Start of RECORD EXCERPTS

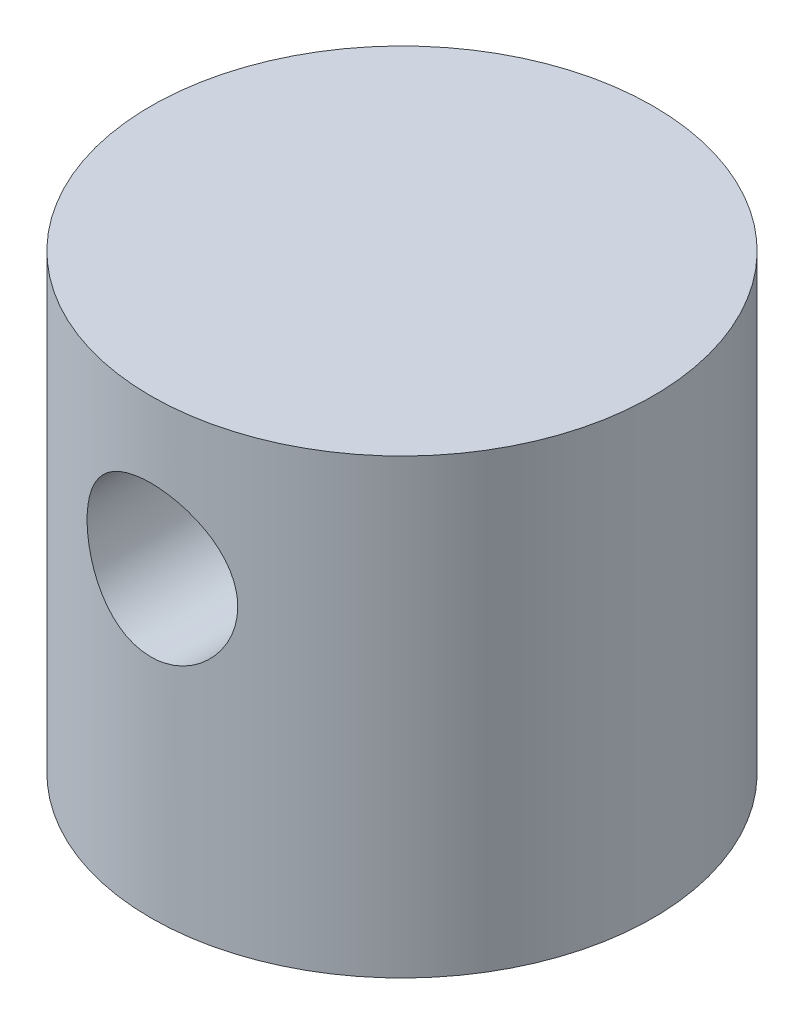
ISO-10303-21;
HEADER;
FILE_DESCRIPTION(('STEP AP214'),'2;1');
FILE_NAME('part.step','',(''),(''),'','','');
FILE_SCHEMA(('AUTOMOTIVE_DESIGN { 1 0 10303 214 1 1 1 1 }'));
ENDSEC;
DATA;
#1=APPLICATION_CONTEXT('core data for automotive mechanical design processes');
#2=APPLICATION_PROTOCOL_DEFINITION('international standard','automotive_design',2000,#1);
#3=PRODUCT_CONTEXT('',#1,'mechanical');
#4=PRODUCT('Part','Part','',(#3));
#5=PRODUCT_RELATED_PRODUCT_CATEGORY('part','',(#4));
#6=PRODUCT_DEFINITION_FORMATION('','',#4);
#7=PRODUCT_DEFINITION_CONTEXT('part definition',#1,'design');
#8=PRODUCT_DEFINITION('design','',#6,#7);
#9=PRODUCT_DEFINITION_SHAPE('','',#8);
#10=(LENGTH_UNIT() NAMED_UNIT(*) SI_UNIT(.MILLI.,.METRE.));
#11=(NAMED_UNIT(*) PLANE_ANGLE_UNIT() SI_UNIT($,.RADIAN.));
#12=(NAMED_UNIT(*) SI_UNIT($,.STERADIAN.) SOLID_ANGLE_UNIT());
#13=UNCERTAINTY_MEASURE_WITH_UNIT(LENGTH_MEASURE(1.E-05),#10,'distance_accuracy_value','');
#14=(GEOMETRIC_REPRESENTATION_CONTEXT(3) GLOBAL_UNCERTAINTY_ASSIGNED_CONTEXT((#13)) GLOBAL_UNIT_ASSIGNED_CONTEXT((#10,
#11,#12)) REPRESENTATION_CONTEXT('',''));
#15=CARTESIAN_POINT('',(0.,0.,0.));
#16=DIRECTION('',(0.,0.,1.));
#17=DIRECTION('',(1.,0.,0.));
#18=AXIS2_PLACEMENT_3D('',#15,#16,#17);
#19=CARTESIAN_POINT('',(0.,22.86,0.));
#20=DIRECTION('',(0.,-1.,0.));
#21=DIRECTION('',(0.,0.,-1.));
#22=AXIS2_PLACEMENT_3D('',#19,#20,#21);
#23=CYLINDRICAL_SURFACE('',#22,12.7);
#24=CARTESIAN_POINT('',(0.,19.05,-12.7));
#25=CARTESIAN_POINT('',(-0.209013076393382,19.0499974663884,-12.699998202964));
#26=CARTESIAN_POINT('',(-0.418051788612885,19.0327435863951,-12.6947908586264));
#27=CARTESIAN_POINT('',(-0.830041838274397,18.9643477602759,-12.6745264820798));
#28=CARTESIAN_POINT('',(-1.03299134120501,18.9131957066207,-12.6594665120982));
#29=CARTESIAN_POINT('',(-1.4268010776965,18.7788651170479,-12.6211470335466));
#30=CARTESIAN_POINT('',(-1.61767866556425,18.6957338311679,-12.5978996263608));
#31=CARTESIAN_POINT('',(-1.98278541987495,18.4999983236382,-12.5456215746362));
#32=CARTESIAN_POINT('',(-2.15701236737296,18.3873901812156,-12.5165901608785));
#33=CARTESIAN_POINT('',(-2.48887436484671,18.1324910210194,-12.4549087246965));
#34=CARTESIAN_POINT('',(-2.64596390096063,17.9895077702498,-12.4221845448887));
#35=CARTESIAN_POINT('',(-2.93433299145242,17.6793925560281,-12.3572481889452));
#36=CARTESIAN_POINT('',(-3.065608202717,17.5122565372026,-12.3250360998023));
#37=CARTESIAN_POINT('',(-3.30149295818217,17.1539642872845,-12.2639864954418));
#38=CARTESIAN_POINT('',(-3.40543664916422,16.9623525090835,-12.2352411292624));
#39=CARTESIAN_POINT('',(-3.57940342727891,16.5633672942551,-12.1854879580084));
#40=CARTESIAN_POINT('',(-3.64943465996732,16.3559976564229,-12.1644782951581));
#41=CARTESIAN_POINT('',(-3.75162149553935,15.9375087240286,-12.1333481192962));
#42=CARTESIAN_POINT('',(-3.78478278436081,15.7266570305856,-12.1229391608432));
#43=CARTESIAN_POINT('',(-3.81542875761267,15.3021457832094,-12.1133308596441));
#44=CARTESIAN_POINT('',(-3.81292208613139,15.0884869221299,-12.1141288009185));
#45=CARTESIAN_POINT('',(-3.77309322087522,14.6726048721345,-12.1265884993216));
#46=CARTESIAN_POINT('',(-3.7370310136722,14.4702472840799,-12.1378570704182));
#47=CARTESIAN_POINT('',(-3.63315047884722,14.0745977428654,-12.1693522482071));
#48=CARTESIAN_POINT('',(-3.56532901719768,13.8813066864692,-12.1895797389617));
#49=CARTESIAN_POINT('',(-3.39892707700351,13.5061951118617,-12.2370274201043));
#50=CARTESIAN_POINT('',(-3.29993795013992,13.3245680067536,-12.2643396093452));
#51=CARTESIAN_POINT('',(-3.07429465375256,12.9800806640941,-12.3228350698016));
#52=CARTESIAN_POINT('',(-2.94763377966574,12.817224989289,-12.3540192783736));
#53=CARTESIAN_POINT('',(-2.66398478544488,12.5077570754645,-12.4183396869676));
#54=CARTESIAN_POINT('',(-2.50595106496611,12.3621071933646,-12.4515030194866));
#55=CARTESIAN_POINT('',(-2.16728867865747,12.0991528804768,-12.5148909992068));
#56=CARTESIAN_POINT('',(-1.98665859172665,11.9818502338274,-12.5451154613676));
#57=CARTESIAN_POINT('',(-1.60618179739072,11.7783357969396,-12.5994962657645));
#58=CARTESIAN_POINT('',(-1.40621448435979,11.6923375087254,-12.6236106091752));
#59=CARTESIAN_POINT('',(-0.993763355632937,11.5554770411469,-12.6627514545384));
#60=CARTESIAN_POINT('',(-0.781283049037535,11.5046050615275,-12.6777804911498));
#61=CARTESIAN_POINT('',(-0.358018696377561,11.4410434681355,-12.6966564619459));
#62=CARTESIAN_POINT('',(-0.147447247907014,11.4270495720639,-12.7008852006119));
#63=CARTESIAN_POINT('',(0.273048998791394,11.4339856555087,-12.6988042503407));
#64=CARTESIAN_POINT('',(0.482973879594584,11.4549109729147,-12.692495968215));
#65=CARTESIAN_POINT('',(0.891295157486631,11.5300369122232,-12.6702997034739));
#66=CARTESIAN_POINT('',(1.08984484243999,11.5834754044554,-12.6546312769051));
#67=CARTESIAN_POINT('',(1.47511678294449,11.7211938112566,-12.615528435175));
#68=CARTESIAN_POINT('',(1.66183761364498,11.8054774330362,-12.5920930865558));
#69=CARTESIAN_POINT('',(2.02295046123107,12.0046830403221,-12.5392092205234));
#70=CARTESIAN_POINT('',(2.19695731854716,12.1202687260079,-12.5096341330729));
#71=CARTESIAN_POINT('',(2.52354920226958,12.3779908752941,-12.4478661066146));
#72=CARTESIAN_POINT('',(2.67612884218409,12.5201339941946,-12.4156725125527));
#73=CARTESIAN_POINT('',(2.96127791159606,12.8330637632582,-12.3508305654727));
#74=CARTESIAN_POINT('',(3.09291942328012,13.0047031644604,-12.318208155832));
#75=CARTESIAN_POINT('',(3.32559647483277,13.3683449650941,-12.25744348707));
#76=CARTESIAN_POINT('',(3.42663281726885,13.560346830377,-12.2293011104766));
#77=CARTESIAN_POINT('',(3.59454061702981,13.9586525277878,-12.1810066161741));
#78=CARTESIAN_POINT('',(3.66157121220007,14.1648845138061,-12.1608173810535));
#79=CARTESIAN_POINT('',(3.75975196270489,14.5864274410828,-12.1308264969947));
#80=CARTESIAN_POINT('',(3.79091441406468,14.8017352447889,-12.1210212883812));
#81=CARTESIAN_POINT('',(3.81563840591811,15.2256782567066,-12.1132593007578));
#82=CARTESIAN_POINT('',(3.81071260482176,15.4342176736655,-12.114825842695));
#83=CARTESIAN_POINT('',(3.76701063828535,15.8473498226376,-12.1284847903808));
#84=CARTESIAN_POINT('',(3.72823582836748,16.0519427123585,-12.140576774626));
#85=CARTESIAN_POINT('',(3.61891297563031,16.4489013137945,-12.1736043978434));
#86=CARTESIAN_POINT('',(3.54876545788095,16.6413873098911,-12.1944283556327));
#87=CARTESIAN_POINT('',(3.37900028087527,17.0120117946046,-12.2425530841269));
#88=CARTESIAN_POINT('',(3.27937698105667,17.1901475288096,-12.2698550942905));
#89=CARTESIAN_POINT('',(3.04923860064923,17.5340343159767,-12.3291009812628));
#90=CARTESIAN_POINT('',(2.91773041276215,17.6990978536009,-12.361177720173));
#91=CARTESIAN_POINT('',(2.62934283959635,18.0053043457025,-12.4257135394181));
#92=CARTESIAN_POINT('',(2.4724568715216,18.1464410742483,-12.4581727169238));
#93=CARTESIAN_POINT('',(2.13224303594548,18.4048994672292,-12.520953788898));
#94=CARTESIAN_POINT('',(1.94827622990815,18.5214042750129,-12.5511854580491));
#95=CARTESIAN_POINT('',(1.56245908991815,18.7216673315563,-12.6050212835767));
#96=CARTESIAN_POINT('',(1.36061717461734,18.8054408962173,-12.6286285382489));
#97=CARTESIAN_POINT('',(0.967124590144414,18.930354000158,-12.6644952442205));
#98=CARTESIAN_POINT('',(0.776698883363754,18.9750996491234,-12.6776994954792));
#99=CARTESIAN_POINT('',(0.390855695886179,19.0349213541136,-12.6954519901601));
#100=CARTESIAN_POINT('',(0.195439055039674,19.0500023690702,-12.7000016803304));
#101=CARTESIAN_POINT('',(0.,19.05,-12.7));
#102=B_SPLINE_CURVE_WITH_KNOTS('',3,(#24,#25,#26,#27,#28,#29,#30,#31,#32,#33,#34,#35,#36,#37,
#38,#39,#40,#41,#42,#43,#44,#45,#46,#47,#48,#49,#50,#51,#52,#53,#54,#55,#56,#57,#58,#59,#60,#61,
#62,#63,#64,#65,#66,#67,#68,#69,#70,#71,#72,#73,#74,#75,#76,#77,#78,#79,#80,#81,#82,#83,#84,#85,
#86,#87,#88,#89,#90,#91,#92,#93,#94,#95,#96,#97,#98,#99,#100,#101),.UNSPECIFIED.,.T.,.F.,(4,2,2,
2,2,2,2,2,2,2,2,2,2,2,2,2,2,2,2,2,2,2,2,2,2,2,2,2,2,2,2,2,2,2,2,2,2,2,4),(0.,0.626321337176031,
1.25282951070884,1.87841553780422,2.50408481760826,3.14593231488407,3.78788770713128,
4.44427561750437,5.10050578939788,5.73836010965761,6.37605984930487,6.99074082412097,
7.60548246891323,8.22864563175683,8.8519599480273,9.50130444282343,10.1506897958892,
10.8044245907949,11.4579769196317,12.088083759739,12.7181064801783,13.3339013657311,
13.9497702866807,14.5798871648539,15.2101621628048,15.8633261681996,16.5164730440181,
17.1665344997618,17.8163730402912,18.4391339489195,19.0618699195205,19.6768730263449,
20.2919938979647,20.9295219123861,21.5672155625124,22.2235521024953,22.8795811546348,
23.4653249751495,24.0509708706172),.UNSPECIFIED.);
#103=CARTESIAN_POINT('',(0.,19.05,-12.7));
#104=VERTEX_POINT('',#103);
#105=EDGE_CURVE('E10',#104,#104,#102,.T.);
#106=ORIENTED_EDGE('',*,*,#105,.T.);
#107=EDGE_LOOP('',(#106));
#108=FACE_BOUND('',#107,.T.);
#109=CARTESIAN_POINT('',(3.81,15.24,12.1150278579952));
#110=CARTESIAN_POINT('',(3.80999739989923,15.0312258482242,12.1150300174878));
#111=CARTESIAN_POINT('',(3.79278154744585,14.8224259706736,12.1204835113164));
#112=CARTESIAN_POINT('',(3.72455044894699,14.410930666037,12.1416210888876));
#113=CARTESIAN_POINT('',(3.67352390956876,14.2082373022864,12.1573085909325));
#114=CARTESIAN_POINT('',(3.53955993305698,13.8149717901897,12.1969810031367));
#115=CARTESIAN_POINT('',(3.45667557061381,13.6243800927319,12.2209521062625));
#116=CARTESIAN_POINT('',(3.26152311671537,13.259760287652,12.2744720867078));
#117=CARTESIAN_POINT('',(3.14925062648113,13.0857346649415,12.3040217988418));
#118=CARTESIAN_POINT('',(2.89470475519733,12.7536793679335,12.3664182995186));
#119=CARTESIAN_POINT('',(2.75166346226549,12.5962514192164,12.3993353311156));
#120=CARTESIAN_POINT('',(2.44128604345218,12.3072196036408,12.4641574931936));
#121=CARTESIAN_POINT('',(2.27394679947122,12.1756190562573,12.4960624931617));
#122=CARTESIAN_POINT('',(1.91544305199598,11.9393647424234,12.5560636503165));
#123=CARTESIAN_POINT('',(1.72385741419297,11.8353245019153,12.5840673982971));
#124=CARTESIAN_POINT('',(1.32492659923816,11.6611723620314,12.6322946723854));
#125=CARTESIAN_POINT('',(1.1175848321053,11.5910531453621,12.6525198762532));
#126=CARTESIAN_POINT('',(0.699322585682311,11.4887247972301,12.6824142084912));
#127=CARTESIAN_POINT('',(0.48867415334266,11.4554885757621,12.6923687571812));
#128=CARTESIAN_POINT('',(0.0645714323232612,11.424621995398,12.7016053181343));
#129=CARTESIAN_POINT('',(-0.14888225760794,11.426984157919,12.7008895720356));
#130=CARTESIAN_POINT('',(-0.565330737764396,11.4665578860993,12.6890679369684));
#131=CARTESIAN_POINT('',(-0.768442119808976,11.502657192277,12.678293673213));
#132=CARTESIAN_POINT('',(-1.16557860214404,11.6068635934255,12.6479686616604));
#133=CARTESIAN_POINT('',(-1.35960312616013,11.6749727153946,12.628417358067));
#134=CARTESIAN_POINT('',(-1.73570220893214,11.8420185394829,12.5822766130667));
#135=CARTESIAN_POINT('',(-1.91761126432357,11.9413050551297,12.5556078497802));
#136=CARTESIAN_POINT('',(-2.26254227140962,12.1676105451684,12.4980608724691));
#137=CARTESIAN_POINT('',(-2.42555972817671,12.29463609893,12.4671816604299));
#138=CARTESIAN_POINT('',(-2.73471762308413,12.5785822869061,12.4031133823679));
#139=CARTESIAN_POINT('',(-2.87996523421289,12.7364665743245,12.3698811610455));
#140=CARTESIAN_POINT('',(-3.14217434911745,13.0746754454518,12.3058930892621));
#141=CARTESIAN_POINT('',(-3.25913304188664,13.2550022565299,12.2751374850994));
#142=CARTESIAN_POINT('',(-3.46237548150279,13.6353282518597,12.2193787407683));
#143=CARTESIAN_POINT('',(-3.54835432656109,13.8354994963542,12.1944335899828));
#144=CARTESIAN_POINT('',(-3.68511741703439,14.2484023093088,12.1538083690401));
#145=CARTESIAN_POINT('',(-3.73591314384958,14.4611297556545,12.1381252766173));
#146=CARTESIAN_POINT('',(-3.79919916518518,14.8846091963081,12.1184631787762));
#147=CARTESIAN_POINT('',(-3.81304663806225,15.0951392886988,12.114069718344));
#148=CARTESIAN_POINT('',(-3.80583305971491,15.5155211660169,12.1163382879101));
#149=CARTESIAN_POINT('',(-3.7847768950305,15.7253730417742,12.122998770347));
#150=CARTESIAN_POINT('',(-3.70956239478568,16.1327804800481,12.1462179873244));
#151=CARTESIAN_POINT('',(-3.65627822035485,16.3305138572299,12.1625150832981));
#152=CARTESIAN_POINT('',(-3.51913387479734,16.7142202946693,12.2029001872652));
#153=CARTESIAN_POINT('',(-3.435268982706,16.9001915339169,12.2269893981183));
#154=CARTESIAN_POINT('',(-3.2367695283912,17.2606143587434,12.2810482095876));
#155=CARTESIAN_POINT('',(-3.12136952998734,17.434622791304,12.3111582851735));
#156=CARTESIAN_POINT('',(-2.86398466064975,17.7613007896992,12.3735644234329));
#157=CARTESIAN_POINT('',(-2.72199342658637,17.9139652327365,12.4058610081419));
#158=CARTESIAN_POINT('',(-2.40907603653375,18.1995582307694,12.4704762921234));
#159=CARTESIAN_POINT('',(-2.23726010727789,18.3315244976269,12.5027498246003));
#160=CARTESIAN_POINT('',(-1.87315293285923,18.5647754206105,12.5624552344157));
#161=CARTESIAN_POINT('',(-1.68086270518162,18.6660616004449,12.5898873521718));
#162=CARTESIAN_POINT('',(-1.28253618195127,18.8341000776435,12.6366516500639));
#163=CARTESIAN_POINT('',(-1.07661613997612,18.9011103210438,12.6560441169941));
#164=CARTESIAN_POINT('',(-0.655751714921654,18.9993547339817,12.6848102817594));
#165=CARTESIAN_POINT('',(-0.440809932081091,19.030599139509,12.6941868460405));
#166=CARTESIAN_POINT('',(-0.016896470862179,19.0556465318984,12.7016902196674));
#167=CARTESIAN_POINT('',(0.191986354878928,19.0508450463359,12.7002363498271));
#168=CARTESIAN_POINT('',(0.605839482157618,19.0072730534522,12.6872305174124));
#169=CARTESIAN_POINT('',(0.810810004860308,18.9685044721595,12.6756791273954));
#170=CARTESIAN_POINT('',(1.20887696512492,18.8589623800451,12.6438956762999));
#171=CARTESIAN_POINT('',(1.40207727547206,18.7885370211521,12.6237581636761));
#172=CARTESIAN_POINT('',(1.77402042389068,18.6179919371511,12.5768847532079));
#173=CARTESIAN_POINT('',(1.95276087997023,18.5178673322707,12.5501477711507));
#174=CARTESIAN_POINT('',(2.29692680674642,18.2870514181302,12.4918207320142));
#175=CARTESIAN_POINT('',(2.46174323518812,18.1554845678074,12.460102763772));
#176=CARTESIAN_POINT('',(2.76742543122556,17.8670956136253,12.3957978452797));
#177=CARTESIAN_POINT('',(2.90828427641457,17.7102662357037,12.3632106470062));
#178=CARTESIAN_POINT('',(3.16626924259787,17.3701944231237,12.2997132877024));
#179=CARTESIAN_POINT('',(3.28256289775701,17.1863040745168,12.2688820571553));
#180=CARTESIAN_POINT('',(3.48244956353535,16.8006898577614,12.2136547054725));
#181=CARTESIAN_POINT('',(3.56605828713021,16.5989746160891,12.1892554940455));
#182=CARTESIAN_POINT('',(3.69066934035746,16.2058593036932,12.1520665449104));
#183=CARTESIAN_POINT('',(3.7352950188908,16.0156940367881,12.1383083330253));
#184=CARTESIAN_POINT('',(3.79495859840714,15.630359334868,12.1197888818919));
#185=CARTESIAN_POINT('',(3.8100024309333,15.4351909110031,12.1150258390033));
#186=CARTESIAN_POINT('',(3.81,15.24,12.1150278579952));
#187=B_SPLINE_CURVE_WITH_KNOTS('',3,(#109,#110,#111,#112,#113,#114,#115,#116,#117,#118,#119,
#120,#121,#122,#123,#124,#125,#126,#127,#128,#129,#130,#131,#132,#133,#134,#135,#136,#137,#138,
#139,#140,#141,#142,#143,#144,#145,#146,#147,#148,#149,#150,#151,#152,#153,#154,#155,#156,#157,
#158,#159,#160,#161,#162,#163,#164,#165,#166,#167,#168,#169,#170,#171,#172,#173,#174,#175,#176,
#177,#178,#179,#180,#181,#182,#183,#184,#185,#186),.UNSPECIFIED.,.T.,.F.,(4,2,2,2,2,2,2,2,2,2,2,
2,2,2,2,2,2,2,2,2,2,2,2,2,2,2,2,2,2,2,2,2,2,2,2,2,2,2,4),(0.,0.625602421425477,1.25141390989006,
1.87618729274413,2.50105424444005,3.14383801020278,3.78670433593032,4.44286485755057,
5.09888377193207,5.73613635979876,6.37325507417658,6.99008320016835,7.60695039161555,
8.23100231712617,8.85520242140709,9.50346453439125,10.1517910372933,10.8063344514857,
11.4606641660278,12.09060525214,12.7204581533938,13.3339483115121,13.9475332186292,
14.5775865880246,15.2077909186608,15.8617794550214,16.5157355061009,17.16469495215,
17.8134686230369,18.4372581194111,19.0610122474791,19.6780682606205,20.2952257161472,
20.9321305272502,21.5692190568654,22.2252956476763,22.881056446783,23.4660733080779,
24.0509728539512),.UNSPECIFIED.);
#188=CARTESIAN_POINT('',(3.81,15.24,12.1150278579952));
#189=VERTEX_POINT('',#188);
#190=EDGE_CURVE('E41',#189,#189,#187,.T.);
#191=ORIENTED_EDGE('',*,*,#190,.T.);
#192=EDGE_LOOP('',(#191));
#193=FACE_BOUND('',#192,.T.);
#194=CARTESIAN_POINT('',(0.,22.86,0.));
#195=DIRECTION('',(0.,1.,0.));
#196=DIRECTION('',(0.,0.,1.));
#197=AXIS2_PLACEMENT_3D('',#194,#195,#196);
#198=CIRCLE('',#197,12.7);
#199=CARTESIAN_POINT('',(0.,22.86,12.7));
#200=VERTEX_POINT('',#199);
#201=EDGE_CURVE('E45',#200,#200,#198,.T.);
#202=ORIENTED_EDGE('',*,*,#201,.F.);
#203=EDGE_LOOP('',(#202));
#204=FACE_BOUND('',#203,.T.);
#205=CARTESIAN_POINT('',(0.,0.,0.));
#206=DIRECTION('',(0.,1.,0.));
#207=DIRECTION('',(0.,0.,1.));
#208=AXIS2_PLACEMENT_3D('',#205,#206,#207);
#209=CIRCLE('',#208,12.7);
#210=CARTESIAN_POINT('',(0.,0.,12.7));
#211=VERTEX_POINT('',#210);
#212=EDGE_CURVE('E49',#211,#211,#209,.T.);
#213=ORIENTED_EDGE('',*,*,#212,.T.);
#214=EDGE_LOOP('',(#213));
#215=FACE_BOUND('',#214,.T.);
#216=ADVANCED_FACE('F31',(#108,#193,#204,#215),#23,.T.);
#217=CARTESIAN_POINT('',(0.,22.86,0.));
#218=DIRECTION('',(0.,1.,0.));
#219=DIRECTION('',(0.,0.,1.));
#220=AXIS2_PLACEMENT_3D('',#217,#218,#219);
#221=PLANE('',#220);
#222=ORIENTED_EDGE('',*,*,#201,.T.);
#223=EDGE_LOOP('',(#222));
#224=FACE_BOUND('',#223,.T.);
#225=ADVANCED_FACE('F60',(#224),#221,.T.);
#226=CARTESIAN_POINT('',(0.,0.,0.));
#227=DIRECTION('',(0.,1.,0.));
#228=DIRECTION('',(0.,0.,1.));
#229=AXIS2_PLACEMENT_3D('',#226,#227,#228);
#230=PLANE('',#229);
#231=ORIENTED_EDGE('',*,*,#212,.F.);
#232=EDGE_LOOP('',(#231));
#233=FACE_BOUND('',#232,.T.);
#234=ADVANCED_FACE('F58',(#233),#230,.F.);
#235=CARTESIAN_POINT('',(0.,15.24,-12.7));
#236=DIRECTION('',(0.,0.,1.));
#237=DIRECTION('',(1.,0.,0.));
#238=AXIS2_PLACEMENT_3D('',#235,#236,#237);
#239=CYLINDRICAL_SURFACE('',#238,3.81);
#240=ORIENTED_EDGE('',*,*,#190,.F.);
#241=EDGE_LOOP('',(#240));
#242=FACE_BOUND('',#241,.T.);
#243=ORIENTED_EDGE('',*,*,#105,.F.);
#244=EDGE_LOOP('',(#243));
#245=FACE_BOUND('',#244,.T.);
#246=ADVANCED_FACE('F54',(#242,#245),#239,.F.);
#247=CLOSED_SHELL('',(#216,#225,#234,#246));
#248=MANIFOLD_SOLID_BREP('B2',#247);
#249=ADVANCED_BREP_SHAPE_REPRESENTATION('',(#18,#248),#14);
#250=SHAPE_DEFINITION_REPRESENTATION(#9,#249);
ENDSEC;
END-ISO-10303-21;

End of RECORD EXCERPTS

_WHAT IS NEEDED_. Restate word for word the entries above, starting at the line with "0 10303 214" and ending at the line with "#19=CARTESIAN_POINT('',(0.,22.86,0.));", inclusive, and no others.

_OUTPUT_.
FILE_SCHEMA(('AUTOMOTIVE_DESIGN { 1 0 10303 214 1 1 1 1 }'));
ENDSEC;
DATA;
#1=APPLICATION_CONTEXT('core data for automotive mechanical design processes');
#2=APPLICATION_PROTOCOL_DEFINITION('international standard','automotive_design',2000,#1);
#3=PRODUCT_CONTEXT('',#1,'mechanical');
#4=PRODUCT('Part','Part','',(#3));
#5=PRODUCT_RELATED_PRODUCT_CATEGORY('part','',(#4));
#6=PRODUCT_DEFINITION_FORMATION('','',#4);
#7=PRODUCT_DEFINITION_CONTEXT('part definition',#1,'design');
#8=PRODUCT_DEFINITION('design','',#6,#7);
#9=PRODUCT_DEFINITION_SHAPE('','',#8);
#10=(LENGTH_UNIT() NAMED_UNIT(*) SI_UNIT(.MILLI.,.METRE.));
#11=(NAMED_UNIT(*) PLANE_ANGLE_UNIT() SI_UNIT($,.RADIAN.));
#12=(NAMED_UNIT(*) SI_UNIT($,.STERADIAN.) SOLID_ANGLE_UNIT());
#13=UNCERTAINTY_MEASURE_WITH_UNIT(LENGTH_MEASURE(1.E-05),#10,'distance_accuracy_value','');
#14=(GEOMETRIC_REPRESENTATION_CONTEXT(3) GLOBAL_UNCERTAINTY_ASSIGNED_CONTEXT((#13)) GLOBAL_UNIT_ASSIGNED_CONTEXT((#10,
#11,#12)) REPRESENTATION_CONTEXT('',''));
#15=CARTESIAN_POINT('',(0.,0.,0.));
#16=DIRECTION('',(0.,0.,1.));
#17=DIRECTION('',(1.,0.,0.));
#18=AXIS2_PLACEMENT_3D('',#15,#16,#17);
#19=CARTESIAN_POINT('',(0.,22.86,0.));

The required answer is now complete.